Inspecting the resulting re2.bundle with otool on macOS gives the following:

$ otool -L lib/re2.bundle
lib/re2.bundle:
    /usr/lib/libc++.1.dylib (compatibility version 1.0.0, current version 1700.255.0)
    /usr/lib/libSystem.B.dylib (compatibility version 1.0.0, current version 1345.100.2)

I'm not sure what the significance of having to set LDFLAGS as well as libs is however, perhaps you know better?

Update: it might be worth adding that we’re currently relying on dir_config to specify the location of RE2 (which seems to populate $LIBPATH with the lib directory and $CPPFLAGS with -I flags) but I’m hoping that’ll no longer be necessary if we can set things up right.

Here's another version of the last few lines that only sets $libs, $LIBPATH and $INCFLAGS and compiles successfully:

# Set $libs with all the flags including our static replacements
$libs = [libflags, $libs].join(" ").strip

# Tell Ruby where to find the libraries
$LIBPATH = static_library_dirs | $LIBPATH

# Add INCFLAGS
incflags = xpopen(['pkg-config', '--cflags-only-I', pc_file], err: %i[child out], &:read).strip
$INCFLAGS = [incflags, $INCFLAGS].join(" ").strip
mudge commented 5 months ago

I’ve now distilled this into https://github.com/mudge/re2/pull/138/commits/ac14e8f9af0632f18fe12c568795cc9a9bcd6a7f

mudge commented 5 months ago

It’s worth noting that preferring $libs over $LDFLAGS seems to cause a problem if you have the library in Ruby’s RbConfig::CONFIG['exec_prefix'] (a bug @stanhu found when working on re2) so I’ve since switched to setting $LDFLAGS directly which seems to resolve the problem.
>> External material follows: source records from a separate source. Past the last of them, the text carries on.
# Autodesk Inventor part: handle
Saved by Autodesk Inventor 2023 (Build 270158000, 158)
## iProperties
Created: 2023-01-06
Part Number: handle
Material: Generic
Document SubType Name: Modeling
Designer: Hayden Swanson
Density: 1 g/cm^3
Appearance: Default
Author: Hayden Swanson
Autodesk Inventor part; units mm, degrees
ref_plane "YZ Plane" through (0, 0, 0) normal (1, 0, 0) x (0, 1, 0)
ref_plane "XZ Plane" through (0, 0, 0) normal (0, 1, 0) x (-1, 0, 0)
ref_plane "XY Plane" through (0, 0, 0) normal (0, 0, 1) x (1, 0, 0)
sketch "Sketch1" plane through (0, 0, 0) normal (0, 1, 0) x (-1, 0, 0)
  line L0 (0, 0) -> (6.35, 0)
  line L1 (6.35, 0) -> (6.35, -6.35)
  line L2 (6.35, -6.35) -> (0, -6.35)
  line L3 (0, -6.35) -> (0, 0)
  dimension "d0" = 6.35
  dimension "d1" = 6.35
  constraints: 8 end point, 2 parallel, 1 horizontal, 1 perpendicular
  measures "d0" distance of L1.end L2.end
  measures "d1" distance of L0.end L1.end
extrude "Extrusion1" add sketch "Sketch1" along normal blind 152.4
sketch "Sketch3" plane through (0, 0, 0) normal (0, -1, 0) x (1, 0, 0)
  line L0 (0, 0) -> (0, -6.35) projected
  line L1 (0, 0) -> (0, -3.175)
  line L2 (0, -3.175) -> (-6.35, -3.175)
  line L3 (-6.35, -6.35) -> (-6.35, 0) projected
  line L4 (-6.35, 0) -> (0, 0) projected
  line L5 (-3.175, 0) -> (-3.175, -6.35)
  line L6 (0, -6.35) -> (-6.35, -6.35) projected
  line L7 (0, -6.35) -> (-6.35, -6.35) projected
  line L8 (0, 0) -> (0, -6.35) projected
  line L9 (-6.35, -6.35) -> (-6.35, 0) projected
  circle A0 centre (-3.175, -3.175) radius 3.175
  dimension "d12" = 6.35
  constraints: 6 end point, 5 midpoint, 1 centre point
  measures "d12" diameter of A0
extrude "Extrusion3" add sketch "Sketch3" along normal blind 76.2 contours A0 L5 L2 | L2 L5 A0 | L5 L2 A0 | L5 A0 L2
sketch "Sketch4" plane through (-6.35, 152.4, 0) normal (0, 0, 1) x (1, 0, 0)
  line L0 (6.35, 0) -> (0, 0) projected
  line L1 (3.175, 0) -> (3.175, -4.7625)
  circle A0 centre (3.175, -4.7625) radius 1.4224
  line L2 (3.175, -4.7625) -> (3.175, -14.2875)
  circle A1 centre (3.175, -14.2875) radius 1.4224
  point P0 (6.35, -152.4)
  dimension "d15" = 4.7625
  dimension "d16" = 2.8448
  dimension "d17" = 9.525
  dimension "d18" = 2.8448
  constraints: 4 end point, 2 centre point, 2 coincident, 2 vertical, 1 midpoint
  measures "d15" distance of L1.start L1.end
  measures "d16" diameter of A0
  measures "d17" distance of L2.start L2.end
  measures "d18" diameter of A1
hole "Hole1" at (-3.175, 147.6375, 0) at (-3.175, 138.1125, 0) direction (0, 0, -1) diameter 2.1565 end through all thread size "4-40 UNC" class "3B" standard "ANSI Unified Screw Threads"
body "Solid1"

It’d be good to dig into why this happens though.

flavorjones commented 5 months ago

@mudge thanks for all your work here. i've been heads-down during my OSS time trying to work on a few urgent things and haven't been able to get back to this yet. this topic is at the top of my backlog, though, and I hope to get to it in the next week or two.

mudge commented 5 months ago

You’re welcome, there’s no rush from my side. I had some time this weekend to spend on it hence the over-communication both here and on my (now draft) PR in re2.

The main thing I’d like to understand more is the significance between $LDFLAGS and $libs and $LIBPATH for the library search paths and individual libraries as well as $INCFLAGS and $CPPFLAGS for include search paths (eyeballing the difference in them between my main branch and the new PR hasn’t been especially enlightening) and why it fixes the issue of libraries in exec_prefix being linked ahead of the static ones.

It has been tricky because so many MakeMakefile methods indirectly mutate one or more of the globals and that isn’t always easy to spot (e.g. have_library calling dir_config).

mudge commented 5 months ago

Quick update: I think I got to the bottom of why I saw a regression in re2 and it was to do with using have_library("re2") as it adds -lre2 to LIBS in the resulting Makefile (even though ldflags already has all the static libraries) which makes it possible for the gem to pick up any libre2.as elsewhere in the search path.

mudge commented 5 months ago

Having churned on this a bit, I ended up releasing re2 2.10.0 with the refactored pkg-config logic.

In summary:

This way, I hope that we include the bare minimum necessary and use the “highest” possible level of abstraction (e.g. the more intention-revealing $INCFLAGS vs the more generic $CPPFLAGS) for both the compilation ($INCFLAGS, $CFLAGS, $CXXFLAGS) and linking ($LDFLAGS, $libs) without adding unnecessary directories to the $LIBPATH and minimising the risk of linking a library dynamically rather than statically.

I’m not sure our strategy of searching for static libraries in every -L flag returned by pkg-config is generalisable for your API but hopefully some of this is useful if only to confirm your existing design decisions.

mudge commented 5 months ago

If nothing else, it’d be quite nice to delete my copy of minimal_pkg_config and rely on yours if it was made part of MiniPortile2’s public API.